PROBLEM STATEMENT
Restate exactly, and only, the lines from the one containing "450 450 500]" through the end of the entries, keeping both endpoints.

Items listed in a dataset
☆ ☆ ☆ ☆ ☆

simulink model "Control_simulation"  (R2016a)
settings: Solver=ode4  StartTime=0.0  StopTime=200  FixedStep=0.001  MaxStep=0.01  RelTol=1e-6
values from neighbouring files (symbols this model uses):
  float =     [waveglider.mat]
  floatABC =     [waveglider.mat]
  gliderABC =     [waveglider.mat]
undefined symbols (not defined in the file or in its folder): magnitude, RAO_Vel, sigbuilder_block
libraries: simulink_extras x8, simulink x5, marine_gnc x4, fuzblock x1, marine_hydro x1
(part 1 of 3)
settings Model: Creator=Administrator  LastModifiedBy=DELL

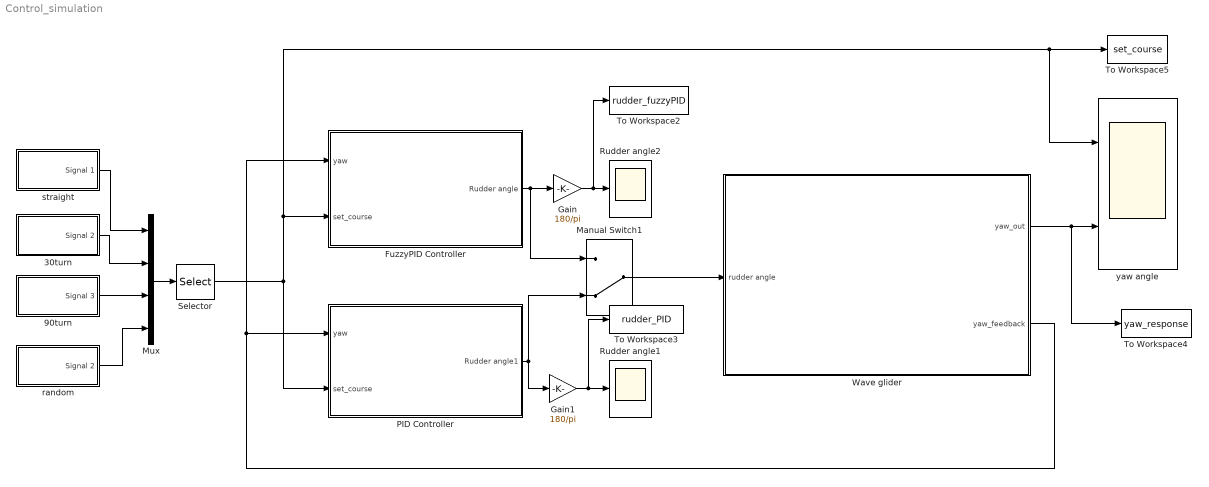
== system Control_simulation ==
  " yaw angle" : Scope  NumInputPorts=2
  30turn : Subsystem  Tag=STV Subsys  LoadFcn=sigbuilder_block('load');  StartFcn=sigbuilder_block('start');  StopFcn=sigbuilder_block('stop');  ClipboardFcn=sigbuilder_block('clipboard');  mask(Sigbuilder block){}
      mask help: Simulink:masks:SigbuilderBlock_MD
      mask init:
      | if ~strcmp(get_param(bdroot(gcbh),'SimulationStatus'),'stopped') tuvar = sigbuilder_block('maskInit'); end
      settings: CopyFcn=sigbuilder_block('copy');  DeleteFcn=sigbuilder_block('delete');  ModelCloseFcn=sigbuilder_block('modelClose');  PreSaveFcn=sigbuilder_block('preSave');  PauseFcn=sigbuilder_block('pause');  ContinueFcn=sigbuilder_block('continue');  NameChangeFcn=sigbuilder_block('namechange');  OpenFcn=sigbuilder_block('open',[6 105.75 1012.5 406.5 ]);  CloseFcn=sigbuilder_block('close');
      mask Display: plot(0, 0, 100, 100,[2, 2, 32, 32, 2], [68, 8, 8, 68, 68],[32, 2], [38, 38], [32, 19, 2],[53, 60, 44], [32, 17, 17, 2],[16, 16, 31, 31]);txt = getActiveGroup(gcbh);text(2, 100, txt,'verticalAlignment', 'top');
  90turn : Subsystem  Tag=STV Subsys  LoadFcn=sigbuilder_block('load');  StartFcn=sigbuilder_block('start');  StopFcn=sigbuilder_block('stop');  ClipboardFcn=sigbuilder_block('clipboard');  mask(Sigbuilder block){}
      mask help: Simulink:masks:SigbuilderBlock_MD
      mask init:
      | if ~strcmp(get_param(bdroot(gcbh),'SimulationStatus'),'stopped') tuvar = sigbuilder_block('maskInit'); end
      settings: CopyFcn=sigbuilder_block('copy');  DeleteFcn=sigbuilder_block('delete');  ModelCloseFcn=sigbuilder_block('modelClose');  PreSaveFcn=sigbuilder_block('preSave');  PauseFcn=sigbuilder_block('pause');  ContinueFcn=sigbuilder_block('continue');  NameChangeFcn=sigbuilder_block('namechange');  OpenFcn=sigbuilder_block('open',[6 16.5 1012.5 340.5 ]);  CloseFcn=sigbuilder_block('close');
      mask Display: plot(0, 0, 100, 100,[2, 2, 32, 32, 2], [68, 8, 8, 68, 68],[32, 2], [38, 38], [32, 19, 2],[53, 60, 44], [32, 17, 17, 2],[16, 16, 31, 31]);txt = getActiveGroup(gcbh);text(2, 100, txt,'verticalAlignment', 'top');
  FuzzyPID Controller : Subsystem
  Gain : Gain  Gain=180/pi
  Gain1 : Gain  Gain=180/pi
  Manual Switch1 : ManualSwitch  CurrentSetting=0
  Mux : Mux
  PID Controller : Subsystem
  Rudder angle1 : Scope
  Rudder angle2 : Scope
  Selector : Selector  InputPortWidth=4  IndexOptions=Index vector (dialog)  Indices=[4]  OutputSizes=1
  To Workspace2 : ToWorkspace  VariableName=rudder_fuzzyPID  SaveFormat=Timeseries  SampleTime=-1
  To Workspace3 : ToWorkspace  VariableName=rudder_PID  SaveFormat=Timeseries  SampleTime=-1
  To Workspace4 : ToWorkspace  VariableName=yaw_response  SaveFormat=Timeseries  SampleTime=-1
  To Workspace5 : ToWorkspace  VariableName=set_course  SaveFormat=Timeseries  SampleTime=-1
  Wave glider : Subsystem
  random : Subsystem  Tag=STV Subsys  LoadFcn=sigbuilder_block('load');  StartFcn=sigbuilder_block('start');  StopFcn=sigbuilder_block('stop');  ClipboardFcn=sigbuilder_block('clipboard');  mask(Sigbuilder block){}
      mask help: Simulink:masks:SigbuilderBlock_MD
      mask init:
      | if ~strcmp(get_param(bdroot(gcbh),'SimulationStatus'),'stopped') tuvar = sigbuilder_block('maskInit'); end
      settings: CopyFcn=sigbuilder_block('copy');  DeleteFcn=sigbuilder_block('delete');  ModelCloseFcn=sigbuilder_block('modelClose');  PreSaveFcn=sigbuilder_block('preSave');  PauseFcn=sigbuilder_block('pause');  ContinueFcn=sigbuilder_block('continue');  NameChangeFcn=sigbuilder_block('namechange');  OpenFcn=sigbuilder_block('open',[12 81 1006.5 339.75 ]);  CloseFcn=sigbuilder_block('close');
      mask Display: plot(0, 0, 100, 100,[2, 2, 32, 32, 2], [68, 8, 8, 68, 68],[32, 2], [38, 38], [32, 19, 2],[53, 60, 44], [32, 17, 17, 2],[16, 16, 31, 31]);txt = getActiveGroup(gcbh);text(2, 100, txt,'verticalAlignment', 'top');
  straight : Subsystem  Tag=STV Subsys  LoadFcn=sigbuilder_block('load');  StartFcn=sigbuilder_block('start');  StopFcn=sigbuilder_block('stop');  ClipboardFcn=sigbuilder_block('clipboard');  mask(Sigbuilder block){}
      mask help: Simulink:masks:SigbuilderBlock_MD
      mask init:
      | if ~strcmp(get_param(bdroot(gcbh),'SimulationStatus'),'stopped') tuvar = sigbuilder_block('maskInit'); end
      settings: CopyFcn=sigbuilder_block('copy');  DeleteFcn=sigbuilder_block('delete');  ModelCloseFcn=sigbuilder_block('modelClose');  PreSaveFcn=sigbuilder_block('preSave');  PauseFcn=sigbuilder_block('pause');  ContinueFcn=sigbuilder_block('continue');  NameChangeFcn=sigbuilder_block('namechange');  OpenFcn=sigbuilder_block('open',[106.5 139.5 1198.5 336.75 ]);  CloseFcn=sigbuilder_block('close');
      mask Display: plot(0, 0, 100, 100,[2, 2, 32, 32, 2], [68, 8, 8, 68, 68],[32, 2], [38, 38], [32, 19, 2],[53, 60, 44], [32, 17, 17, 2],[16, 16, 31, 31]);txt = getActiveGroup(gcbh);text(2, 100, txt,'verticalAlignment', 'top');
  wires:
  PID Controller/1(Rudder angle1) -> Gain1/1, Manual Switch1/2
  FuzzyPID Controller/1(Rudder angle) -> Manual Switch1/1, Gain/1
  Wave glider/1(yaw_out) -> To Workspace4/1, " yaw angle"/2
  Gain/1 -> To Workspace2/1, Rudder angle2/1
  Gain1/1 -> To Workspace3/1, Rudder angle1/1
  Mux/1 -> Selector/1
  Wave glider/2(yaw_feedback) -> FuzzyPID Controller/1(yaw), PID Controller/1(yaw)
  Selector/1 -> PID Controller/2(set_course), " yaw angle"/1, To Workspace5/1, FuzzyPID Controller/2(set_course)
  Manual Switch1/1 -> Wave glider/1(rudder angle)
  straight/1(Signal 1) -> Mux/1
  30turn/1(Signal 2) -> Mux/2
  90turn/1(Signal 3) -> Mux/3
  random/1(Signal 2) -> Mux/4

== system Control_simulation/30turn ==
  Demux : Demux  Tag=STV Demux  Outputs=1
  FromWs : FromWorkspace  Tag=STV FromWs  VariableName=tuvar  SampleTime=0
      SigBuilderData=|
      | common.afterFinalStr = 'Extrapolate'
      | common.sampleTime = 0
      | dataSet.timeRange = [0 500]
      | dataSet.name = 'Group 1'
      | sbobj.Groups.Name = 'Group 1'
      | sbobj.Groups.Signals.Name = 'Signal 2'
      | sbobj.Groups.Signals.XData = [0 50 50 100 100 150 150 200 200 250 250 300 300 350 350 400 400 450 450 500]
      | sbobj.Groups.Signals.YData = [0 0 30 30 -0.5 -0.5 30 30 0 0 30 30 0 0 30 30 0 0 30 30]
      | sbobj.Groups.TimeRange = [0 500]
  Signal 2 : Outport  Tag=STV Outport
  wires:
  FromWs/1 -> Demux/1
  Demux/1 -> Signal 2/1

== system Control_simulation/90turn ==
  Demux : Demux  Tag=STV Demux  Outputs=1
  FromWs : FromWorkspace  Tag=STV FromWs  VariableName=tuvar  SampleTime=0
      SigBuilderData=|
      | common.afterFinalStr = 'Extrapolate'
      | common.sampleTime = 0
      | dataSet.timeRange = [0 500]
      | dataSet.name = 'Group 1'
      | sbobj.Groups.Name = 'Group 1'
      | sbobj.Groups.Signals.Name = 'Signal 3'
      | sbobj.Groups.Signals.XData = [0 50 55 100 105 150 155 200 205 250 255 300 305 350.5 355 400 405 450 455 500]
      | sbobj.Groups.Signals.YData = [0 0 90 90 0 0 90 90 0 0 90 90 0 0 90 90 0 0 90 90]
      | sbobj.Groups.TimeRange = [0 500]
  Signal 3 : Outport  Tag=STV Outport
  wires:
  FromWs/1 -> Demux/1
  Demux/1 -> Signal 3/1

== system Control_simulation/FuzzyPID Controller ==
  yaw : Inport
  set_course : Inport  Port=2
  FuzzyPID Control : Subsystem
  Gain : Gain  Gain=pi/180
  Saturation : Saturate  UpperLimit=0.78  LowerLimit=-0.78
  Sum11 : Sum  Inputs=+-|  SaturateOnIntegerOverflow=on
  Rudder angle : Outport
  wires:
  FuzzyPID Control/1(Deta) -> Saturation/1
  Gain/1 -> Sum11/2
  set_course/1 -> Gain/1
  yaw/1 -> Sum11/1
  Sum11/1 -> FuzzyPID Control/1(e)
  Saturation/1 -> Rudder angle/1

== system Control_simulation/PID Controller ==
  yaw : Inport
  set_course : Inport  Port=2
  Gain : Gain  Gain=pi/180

☆ ☆ ☆ ☆ ☆

ANSWER SPACE
      | sbobj.Groups.Signals.XData = [0 50 50 100 100 150 150 200 200 250 250 300 300 350 350 400 400 450 450 500]
      | sbobj.Groups.Signals.YData = [0 0 30 30 -0.5 -0.5 30 30 0 0 30 30 0 0 30 30 0 0 30 30]
      | sbobj.Groups.TimeRange = [0 500]
  Signal 2 : Outport  Tag=STV Outport
  wires:
  FromWs/1 -> Demux/1
  Demux/1 -> Signal 2/1

== system Control_simulation/90turn ==
  Demux : Demux  Tag=STV Demux  Outputs=1
  FromWs : FromWorkspace  Tag=STV FromWs  VariableName=tuvar  SampleTime=0
      SigBuilderData=|
      | common.afterFinalStr = 'Extrapolate'
      | common.sampleTime = 0
      | dataSet.timeRange = [0 500]
      | dataSet.name = 'Group 1'
      | sbobj.Groups.Name = 'Group 1'
      | sbobj.Groups.Signals.Name = 'Signal 3'
      | sbobj.Groups.Signals.XData = [0 50 55 100 105 150 155 200 205 250 255 300 305 350.5 355 400 405 450 455 500]
      | sbobj.Groups.Signals.YData = [0 0 90 90 0 0 90 90 0 0 90 90 0 0 90 90 0 0 90 90]
      | sbobj.Groups.TimeRange = [0 500]
  Signal 3 : Outport  Tag=STV Outport
  wires:
  FromWs/1 -> Demux/1
  Demux/1 -> Signal 3/1

== system Control_simulation/FuzzyPID Controller ==
  yaw : Inport
  set_course : Inport  Port=2
  FuzzyPID Control : Subsystem
  Gain : Gain  Gain=pi/180
  Saturation : Saturate  UpperLimit=0.78  LowerLimit=-0.78
  Sum11 : Sum  Inputs=+-|  SaturateOnIntegerOverflow=on
  Rudder angle : Outport
  wires:
  FuzzyPID Control/1(Deta) -> Saturation/1
  Gain/1 -> Sum11/2
  set_course/1 -> Gain/1
  yaw/1 -> Sum11/1
  Sum11/1 -> FuzzyPID Control/1(e)
  Saturation/1 -> Rudder angle/1

== system Control_simulation/PID Controller ==
  yaw : Inport
  set_course : Inport  Port=2
  Gain : Gain  Gain=pi/180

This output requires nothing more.